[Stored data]
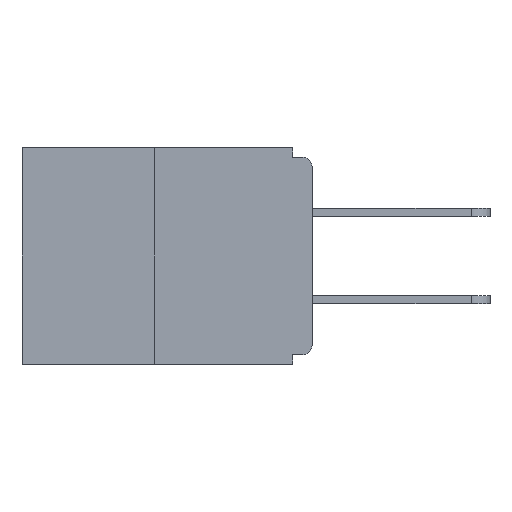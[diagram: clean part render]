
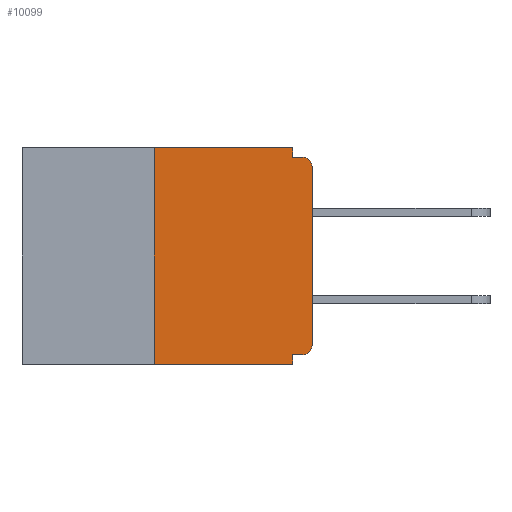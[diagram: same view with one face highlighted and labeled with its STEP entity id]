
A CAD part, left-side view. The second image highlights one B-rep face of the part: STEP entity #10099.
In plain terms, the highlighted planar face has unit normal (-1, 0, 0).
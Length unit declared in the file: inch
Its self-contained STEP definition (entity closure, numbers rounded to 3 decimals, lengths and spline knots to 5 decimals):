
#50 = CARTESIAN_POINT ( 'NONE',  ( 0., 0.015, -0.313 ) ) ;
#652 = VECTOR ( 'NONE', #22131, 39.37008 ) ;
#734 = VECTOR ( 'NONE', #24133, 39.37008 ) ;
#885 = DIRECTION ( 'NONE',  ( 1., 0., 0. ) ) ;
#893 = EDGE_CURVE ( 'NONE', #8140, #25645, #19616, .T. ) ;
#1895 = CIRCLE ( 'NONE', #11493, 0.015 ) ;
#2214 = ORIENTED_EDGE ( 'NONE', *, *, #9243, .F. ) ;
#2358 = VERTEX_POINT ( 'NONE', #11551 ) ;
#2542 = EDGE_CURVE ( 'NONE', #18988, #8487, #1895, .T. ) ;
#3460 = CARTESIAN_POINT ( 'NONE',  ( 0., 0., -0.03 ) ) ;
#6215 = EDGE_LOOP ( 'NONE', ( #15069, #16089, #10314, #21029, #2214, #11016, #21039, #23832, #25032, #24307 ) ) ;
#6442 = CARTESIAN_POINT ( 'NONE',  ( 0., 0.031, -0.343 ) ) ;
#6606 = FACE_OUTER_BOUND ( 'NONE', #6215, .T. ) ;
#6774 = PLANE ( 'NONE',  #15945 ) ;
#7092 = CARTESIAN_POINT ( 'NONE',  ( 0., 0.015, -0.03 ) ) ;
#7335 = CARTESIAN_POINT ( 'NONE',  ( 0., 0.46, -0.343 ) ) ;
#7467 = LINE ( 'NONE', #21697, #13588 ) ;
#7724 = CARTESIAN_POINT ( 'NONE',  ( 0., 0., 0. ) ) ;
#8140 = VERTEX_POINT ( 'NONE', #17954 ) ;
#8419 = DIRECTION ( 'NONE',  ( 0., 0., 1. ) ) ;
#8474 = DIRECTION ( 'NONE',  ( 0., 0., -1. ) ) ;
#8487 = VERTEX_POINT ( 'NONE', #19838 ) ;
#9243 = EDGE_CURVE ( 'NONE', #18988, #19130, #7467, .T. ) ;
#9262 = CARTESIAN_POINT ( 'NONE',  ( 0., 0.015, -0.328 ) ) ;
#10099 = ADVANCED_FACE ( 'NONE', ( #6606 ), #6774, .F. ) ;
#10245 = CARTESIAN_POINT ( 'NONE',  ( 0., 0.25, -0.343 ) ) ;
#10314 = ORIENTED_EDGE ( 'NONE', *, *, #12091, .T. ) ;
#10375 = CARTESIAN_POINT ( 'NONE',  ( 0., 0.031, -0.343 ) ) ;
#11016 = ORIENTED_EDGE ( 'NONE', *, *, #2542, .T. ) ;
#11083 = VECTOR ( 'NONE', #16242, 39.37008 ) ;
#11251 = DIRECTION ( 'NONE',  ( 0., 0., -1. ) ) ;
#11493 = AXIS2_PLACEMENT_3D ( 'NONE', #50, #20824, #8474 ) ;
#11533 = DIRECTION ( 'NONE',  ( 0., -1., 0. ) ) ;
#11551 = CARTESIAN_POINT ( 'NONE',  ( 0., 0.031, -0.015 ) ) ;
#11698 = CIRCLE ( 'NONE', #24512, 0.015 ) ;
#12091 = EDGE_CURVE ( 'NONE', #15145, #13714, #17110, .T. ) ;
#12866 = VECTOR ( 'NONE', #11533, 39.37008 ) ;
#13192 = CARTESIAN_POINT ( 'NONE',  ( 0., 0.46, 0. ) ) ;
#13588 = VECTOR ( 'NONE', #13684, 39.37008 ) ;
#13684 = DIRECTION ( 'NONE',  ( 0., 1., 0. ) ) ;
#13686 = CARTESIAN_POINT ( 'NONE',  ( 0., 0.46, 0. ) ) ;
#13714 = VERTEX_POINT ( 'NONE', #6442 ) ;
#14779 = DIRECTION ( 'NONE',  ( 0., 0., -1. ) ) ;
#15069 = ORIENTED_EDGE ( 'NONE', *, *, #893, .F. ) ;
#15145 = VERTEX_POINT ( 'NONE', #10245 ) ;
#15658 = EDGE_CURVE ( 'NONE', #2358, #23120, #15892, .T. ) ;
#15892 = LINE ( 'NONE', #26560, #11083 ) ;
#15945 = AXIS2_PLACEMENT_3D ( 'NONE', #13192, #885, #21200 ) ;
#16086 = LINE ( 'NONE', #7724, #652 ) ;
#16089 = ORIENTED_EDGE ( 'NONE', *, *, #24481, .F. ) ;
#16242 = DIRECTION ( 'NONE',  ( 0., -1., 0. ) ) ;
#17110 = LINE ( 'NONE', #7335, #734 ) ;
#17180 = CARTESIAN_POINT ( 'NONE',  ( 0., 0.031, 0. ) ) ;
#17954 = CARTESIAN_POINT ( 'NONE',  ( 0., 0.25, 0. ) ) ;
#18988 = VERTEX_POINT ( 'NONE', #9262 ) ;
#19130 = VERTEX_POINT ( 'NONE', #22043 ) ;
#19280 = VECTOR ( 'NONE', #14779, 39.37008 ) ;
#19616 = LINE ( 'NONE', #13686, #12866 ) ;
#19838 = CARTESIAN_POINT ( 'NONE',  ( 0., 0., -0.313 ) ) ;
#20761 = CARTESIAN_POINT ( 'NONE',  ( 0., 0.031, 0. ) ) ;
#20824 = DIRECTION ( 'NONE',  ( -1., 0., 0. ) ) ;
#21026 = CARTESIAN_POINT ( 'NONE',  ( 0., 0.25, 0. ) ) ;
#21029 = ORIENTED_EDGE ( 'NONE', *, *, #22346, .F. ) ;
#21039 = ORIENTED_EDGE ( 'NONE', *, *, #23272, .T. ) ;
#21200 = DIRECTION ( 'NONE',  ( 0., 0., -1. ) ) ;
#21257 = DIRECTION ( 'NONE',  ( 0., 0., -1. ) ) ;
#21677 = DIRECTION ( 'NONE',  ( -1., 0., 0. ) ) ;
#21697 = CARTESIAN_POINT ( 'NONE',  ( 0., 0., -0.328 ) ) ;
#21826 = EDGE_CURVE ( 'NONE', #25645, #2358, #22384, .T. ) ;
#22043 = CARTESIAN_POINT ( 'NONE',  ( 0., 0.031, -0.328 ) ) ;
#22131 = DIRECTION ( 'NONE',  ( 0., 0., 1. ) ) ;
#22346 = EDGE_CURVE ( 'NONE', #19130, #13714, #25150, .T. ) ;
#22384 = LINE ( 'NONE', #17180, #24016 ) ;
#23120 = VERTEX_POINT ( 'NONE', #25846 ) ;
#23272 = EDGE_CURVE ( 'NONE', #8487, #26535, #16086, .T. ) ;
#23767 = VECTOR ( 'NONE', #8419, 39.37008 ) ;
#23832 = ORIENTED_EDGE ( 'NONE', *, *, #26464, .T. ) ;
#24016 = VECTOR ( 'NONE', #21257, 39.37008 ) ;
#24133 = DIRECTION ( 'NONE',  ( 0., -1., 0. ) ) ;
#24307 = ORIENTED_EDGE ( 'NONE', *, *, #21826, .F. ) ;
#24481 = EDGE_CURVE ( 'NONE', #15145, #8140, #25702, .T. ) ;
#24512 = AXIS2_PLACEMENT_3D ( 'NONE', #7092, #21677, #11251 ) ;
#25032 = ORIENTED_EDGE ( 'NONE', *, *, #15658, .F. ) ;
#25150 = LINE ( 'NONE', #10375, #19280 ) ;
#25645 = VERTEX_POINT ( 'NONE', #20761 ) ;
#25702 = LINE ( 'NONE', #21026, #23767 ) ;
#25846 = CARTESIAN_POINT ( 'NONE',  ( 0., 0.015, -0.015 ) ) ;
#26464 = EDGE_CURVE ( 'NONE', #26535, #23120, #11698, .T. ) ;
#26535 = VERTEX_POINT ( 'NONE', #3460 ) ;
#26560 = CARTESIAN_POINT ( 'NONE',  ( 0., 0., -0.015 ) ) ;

EXERCISE DESCRIPTION: Please write out, exactly as they appear above, only the lines in the stretch from the line with "#18988 = VERTEX_POINT ( 'NONE', #9262 ) ;" through the line with "#21826 = EDGE_CURVE".

EXERCISE RESULT:
#18988 = VERTEX_POINT ( 'NONE', #9262 ) ;
#19130 = VERTEX_POINT ( 'NONE', #22043 ) ;
#19280 = VECTOR ( 'NONE', #14779, 39.37008 ) ;
#19616 = LINE ( 'NONE', #13686, #12866 ) ;
#19838 = CARTESIAN_POINT ( 'NONE',  ( 0., 0., -0.313 ) ) ;
#20761 = CARTESIAN_POINT ( 'NONE',  ( 0., 0.031, 0. ) ) ;
#20824 = DIRECTION ( 'NONE',  ( -1., 0., 0. ) ) ;
#21026 = CARTESIAN_POINT ( 'NONE',  ( 0., 0.25, 0. ) ) ;
#21029 = ORIENTED_EDGE ( 'NONE', *, *, #22346, .F. ) ;
#21039 = ORIENTED_EDGE ( 'NONE', *, *, #23272, .T. ) ;
#21200 = DIRECTION ( 'NONE',  ( 0., 0., -1. ) ) ;
#21257 = DIRECTION ( 'NONE',  ( 0., 0., -1. ) ) ;
#21677 = DIRECTION ( 'NONE',  ( -1., 0., 0. ) ) ;
#21697 = CARTESIAN_POINT ( 'NONE',  ( 0., 0., -0.328 ) ) ;
#21826 = EDGE_CURVE ( 'NONE', #25645, #2358, #22384, .T. ) ;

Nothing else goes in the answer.